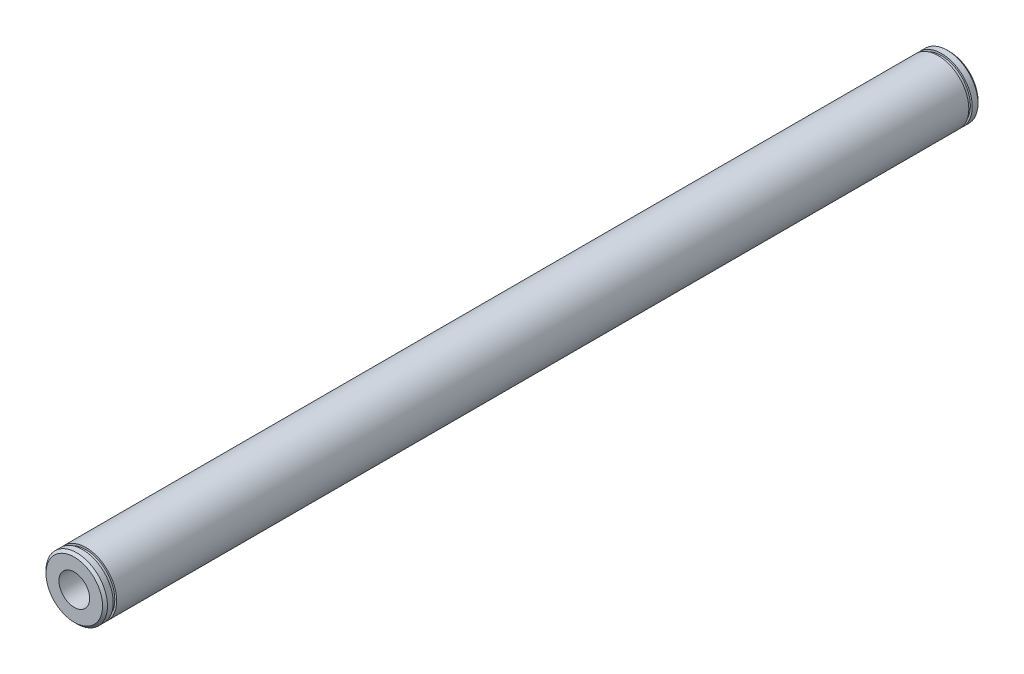
ISO-10303-21;
HEADER;
FILE_DESCRIPTION(('STEP AP214'),'2;1');
FILE_NAME('part.step','',(''),(''),'','','');
FILE_SCHEMA(('AUTOMOTIVE_DESIGN { 1 0 10303 214 1 1 1 1 }'));
ENDSEC;
DATA;
#1=APPLICATION_CONTEXT('core data for automotive mechanical design processes');
#2=APPLICATION_PROTOCOL_DEFINITION('international standard','automotive_design',2000,#1);
#3=PRODUCT_CONTEXT('',#1,'mechanical');
#4=PRODUCT('Part','Part','',(#3));
#5=PRODUCT_RELATED_PRODUCT_CATEGORY('part','',(#4));
#6=PRODUCT_DEFINITION_FORMATION('','',#4);
#7=PRODUCT_DEFINITION_CONTEXT('part definition',#1,'design');
#8=PRODUCT_DEFINITION('design','',#6,#7);
#9=PRODUCT_DEFINITION_SHAPE('','',#8);
#10=(LENGTH_UNIT() NAMED_UNIT(*) SI_UNIT(.MILLI.,.METRE.));
#11=(NAMED_UNIT(*) PLANE_ANGLE_UNIT() SI_UNIT($,.RADIAN.));
#12=(NAMED_UNIT(*) SI_UNIT($,.STERADIAN.) SOLID_ANGLE_UNIT());
#13=UNCERTAINTY_MEASURE_WITH_UNIT(LENGTH_MEASURE(1.E-05),#10,'distance_accuracy_value','');
#14=(GEOMETRIC_REPRESENTATION_CONTEXT(3) GLOBAL_UNCERTAINTY_ASSIGNED_CONTEXT((#13)) GLOBAL_UNIT_ASSIGNED_CONTEXT((#10,
#11,#12)) REPRESENTATION_CONTEXT('',''));
#15=CARTESIAN_POINT('',(0.,0.,0.));
#16=DIRECTION('',(0.,0.,1.));
#17=DIRECTION('',(1.,0.,0.));
#18=AXIS2_PLACEMENT_3D('',#15,#16,#17);
#19=CARTESIAN_POINT('',(0.,0.,131.953));
#20=DIRECTION('',(0.,0.,1.));
#21=DIRECTION('',(1.,0.,0.));
#22=AXIS2_PLACEMENT_3D('',#19,#20,#21);
#23=PLANE('',#22);
#24=CARTESIAN_POINT('',(0.,0.,131.953));
#25=DIRECTION('',(0.,0.,1.));
#26=DIRECTION('',(1.,0.,0.));
#27=AXIS2_PLACEMENT_3D('',#24,#25,#26);
#28=CIRCLE('',#27,9.525);
#29=CARTESIAN_POINT('',(9.525,0.,131.953));
#30=VERTEX_POINT('',#29);
#31=EDGE_CURVE('E51',#30,#30,#28,.T.);
#32=ORIENTED_EDGE('',*,*,#31,.T.);
#33=EDGE_LOOP('',(#32));
#34=FACE_BOUND('',#33,.T.);
#35=CARTESIAN_POINT('',(0.,0.,131.953));
#36=DIRECTION('',(0.,0.,1.));
#37=DIRECTION('',(1.,0.,0.));
#38=AXIS2_PLACEMENT_3D('',#35,#36,#37);
#39=CIRCLE('',#38,8.9408);
#40=CARTESIAN_POINT('',(8.9408,0.,131.953));
#41=VERTEX_POINT('',#40);
#42=EDGE_CURVE('E58',#41,#41,#39,.T.);
#43=ORIENTED_EDGE('',*,*,#42,.F.);
#44=EDGE_LOOP('',(#43));
#45=FACE_BOUND('',#44,.T.);
#46=ADVANCED_FACE('F31',(#34,#45),#23,.T.);
#47=CARTESIAN_POINT('',(0.,0.,-131.953));
#48=DIRECTION('',(0.,0.,1.));
#49=DIRECTION('',(1.,0.,0.));
#50=AXIS2_PLACEMENT_3D('',#47,#48,#49);
#51=PLANE('',#50);
#52=CARTESIAN_POINT('',(0.,0.,-131.953));
#53=DIRECTION('',(0.,0.,1.));
#54=DIRECTION('',(1.,0.,0.));
#55=AXIS2_PLACEMENT_3D('',#52,#53,#54);
#56=CIRCLE('',#55,8.9408);
#57=CARTESIAN_POINT('',(8.9408,0.,-131.953));
#58=VERTEX_POINT('',#57);
#59=EDGE_CURVE('E69',#58,#58,#56,.T.);
#60=ORIENTED_EDGE('',*,*,#59,.T.);
#61=EDGE_LOOP('',(#60));
#62=FACE_BOUND('',#61,.T.);
#63=CARTESIAN_POINT('',(0.,0.,-131.953));
#64=DIRECTION('',(0.,0.,1.));
#65=DIRECTION('',(1.,0.,0.));
#66=AXIS2_PLACEMENT_3D('',#63,#64,#65);
#67=CIRCLE('',#66,9.525);
#68=CARTESIAN_POINT('',(9.525,0.,-131.953));
#69=VERTEX_POINT('',#68);
#70=EDGE_CURVE('E52',#69,#69,#67,.T.);
#71=ORIENTED_EDGE('',*,*,#70,.F.);
#72=EDGE_LOOP('',(#71));
#73=FACE_BOUND('',#72,.T.);
#74=ADVANCED_FACE('F97',(#62,#73),#51,.F.);
#75=CARTESIAN_POINT('',(0.,0.,131.953));
#76=DIRECTION('',(0.,0.,-1.));
#77=DIRECTION('',(-1.,0.,0.));
#78=AXIS2_PLACEMENT_3D('',#75,#76,#77);
#79=CYLINDRICAL_SURFACE('',#78,9.525);
#80=ORIENTED_EDGE('',*,*,#31,.F.);
#81=EDGE_LOOP('',(#80));
#82=FACE_BOUND('',#81,.T.);
#83=ORIENTED_EDGE('',*,*,#70,.T.);
#84=EDGE_LOOP('',(#83));
#85=FACE_BOUND('',#84,.T.);
#86=ADVANCED_FACE('F87',(#82,#85),#79,.T.);
#87=CARTESIAN_POINT('',(0.,0.,131.953));
#88=DIRECTION('',(0.,0.,-1.));
#89=DIRECTION('',(-1.,0.,0.));
#90=AXIS2_PLACEMENT_3D('',#87,#88,#89);
#91=CYLINDRICAL_SURFACE('',#90,4.7498);
#92=CARTESIAN_POINT('',(0.,0.,135.5598));
#93=DIRECTION('',(0.,0.,1.));
#94=DIRECTION('',(1.,0.,0.));
#95=AXIS2_PLACEMENT_3D('',#92,#93,#94);
#96=CIRCLE('',#95,4.7498);
#97=CARTESIAN_POINT('',(4.7498,0.,135.5598));
#98=VERTEX_POINT('',#97);
#99=EDGE_CURVE('E66',#98,#98,#96,.T.);
#100=ORIENTED_EDGE('',*,*,#99,.T.);
#101=EDGE_LOOP('',(#100));
#102=FACE_BOUND('',#101,.T.);
#103=CARTESIAN_POINT('',(0.,0.,-135.5598));
#104=DIRECTION('',(0.,0.,1.));
#105=DIRECTION('',(1.,0.,0.));
#106=AXIS2_PLACEMENT_3D('',#103,#104,#105);
#107=CIRCLE('',#106,4.7498);
#108=CARTESIAN_POINT('',(4.7498,0.,-135.5598));
#109=VERTEX_POINT('',#108);
#110=EDGE_CURVE('E78',#109,#109,#107,.T.);
#111=ORIENTED_EDGE('',*,*,#110,.F.);
#112=EDGE_LOOP('',(#111));
#113=FACE_BOUND('',#112,.T.);
#114=ADVANCED_FACE('F84',(#102,#113),#91,.F.);
#115=CARTESIAN_POINT('',(0.,0.,133.0198));
#116=DIRECTION('',(0.,0.,-1.));
#117=DIRECTION('',(-1.,0.,0.));
#118=AXIS2_PLACEMENT_3D('',#115,#116,#117);
#119=CYLINDRICAL_SURFACE('',#118,8.9408);
#120=CARTESIAN_POINT('',(0.,0.,133.0198));
#121=DIRECTION('',(0.,0.,1.));
#122=DIRECTION('',(1.,0.,0.));
#123=AXIS2_PLACEMENT_3D('',#120,#121,#122);
#124=CIRCLE('',#123,8.9408);
#125=CARTESIAN_POINT('',(8.9408,0.,133.0198));
#126=VERTEX_POINT('',#125);
#127=EDGE_CURVE('E55',#126,#126,#124,.T.);
#128=ORIENTED_EDGE('',*,*,#127,.F.);
#129=EDGE_LOOP('',(#128));
#130=FACE_BOUND('',#129,.T.);
#131=ORIENTED_EDGE('',*,*,#42,.T.);
#132=EDGE_LOOP('',(#131));
#133=FACE_BOUND('',#132,.T.);
#134=ADVANCED_FACE('F86',(#130,#133),#119,.T.);
#135=CARTESIAN_POINT('',(0.,0.,133.0198));
#136=DIRECTION('',(0.,0.,1.));
#137=DIRECTION('',(1.,0.,0.));
#138=AXIS2_PLACEMENT_3D('',#135,#136,#137);
#139=PLANE('',#138);
#140=CARTESIAN_POINT('',(0.,0.,133.0198));
#141=DIRECTION('',(0.,0.,1.));
#142=DIRECTION('',(1.,0.,0.));
#143=AXIS2_PLACEMENT_3D('',#140,#141,#142);
#144=CIRCLE('',#143,9.525);
#145=CARTESIAN_POINT('',(9.525,0.,133.0198));
#146=VERTEX_POINT('',#145);
#147=EDGE_CURVE('E61',#146,#146,#144,.T.);
#148=ORIENTED_EDGE('',*,*,#147,.F.);
#149=EDGE_LOOP('',(#148));
#150=FACE_BOUND('',#149,.T.);
#151=ORIENTED_EDGE('',*,*,#127,.T.);
#152=EDGE_LOOP('',(#151));
#153=FACE_BOUND('',#152,.T.);
#154=ADVANCED_FACE('F94',(#150,#153),#139,.F.);
#155=CARTESIAN_POINT('',(0.,0.,135.5598));
#156=DIRECTION('',(0.,0.,1.));
#157=DIRECTION('',(1.,0.,0.));
#158=AXIS2_PLACEMENT_3D('',#155,#156,#157);
#159=PLANE('',#158);
#160=CARTESIAN_POINT('',(0.,0.,135.5598));
#161=DIRECTION('',(0.,0.,1.));
#162=DIRECTION('',(1.,0.,0.));
#163=AXIS2_PLACEMENT_3D('',#160,#161,#162);
#164=CIRCLE('',#163,8.76300000000002);
#165=CARTESIAN_POINT('',(-8.76300000000004,0.,135.5598));
#166=VERTEX_POINT('',#165);
#167=EDGE_CURVE('E46',#166,#166,#164,.T.);
#168=ORIENTED_EDGE('',*,*,#167,.T.);
#169=EDGE_LOOP('',(#168));
#170=FACE_BOUND('',#169,.T.);
#171=ORIENTED_EDGE('',*,*,#99,.F.);
#172=EDGE_LOOP('',(#171));
#173=FACE_BOUND('',#172,.T.);
#174=ADVANCED_FACE('F121',(#170,#173),#159,.T.);
#175=CARTESIAN_POINT('',(0.,0.,135.5598));
#176=DIRECTION('',(0.,0.,-1.));
#177=DIRECTION('',(-1.,0.,0.));
#178=AXIS2_PLACEMENT_3D('',#175,#176,#177);
#179=CYLINDRICAL_SURFACE('',#178,9.525);
#180=CARTESIAN_POINT('',(0.,0.,134.7978));
#181=DIRECTION('',(0.,0.,1.));
#182=DIRECTION('',(1.,0.,0.));
#183=AXIS2_PLACEMENT_3D('',#180,#181,#182);
#184=CIRCLE('',#183,9.525);
#185=CARTESIAN_POINT('',(-9.52500000000002,0.,134.7978));
#186=VERTEX_POINT('',#185);
#187=EDGE_CURVE('E42',#186,#186,#184,.F.);
#188=ORIENTED_EDGE('',*,*,#187,.T.);
#189=EDGE_LOOP('',(#188));
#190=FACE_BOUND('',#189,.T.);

☆ ☆ ☆ ☆

| ASSIGNMENT |
Everything from the opening line of the data through the line with "#3=PRODUCT_CONTEXT('',#1,'mechanical');" should be repeated exactly; leave the pictures out.

| EXERCISE SOLUTION |
ISO-10303-21;
HEADER;
FILE_DESCRIPTION(('STEP AP214'),'2;1');
FILE_NAME('part.step','',(''),(''),'','','');
FILE_SCHEMA(('AUTOMOTIVE_DESIGN { 1 0 10303 214 1 1 1 1 }'));
ENDSEC;
DATA;
#1=APPLICATION_CONTEXT('core data for automotive mechanical design processes');
#2=APPLICATION_PROTOCOL_DEFINITION('international standard','automotive_design',2000,#1);
#3=PRODUCT_CONTEXT('',#1,'mechanical');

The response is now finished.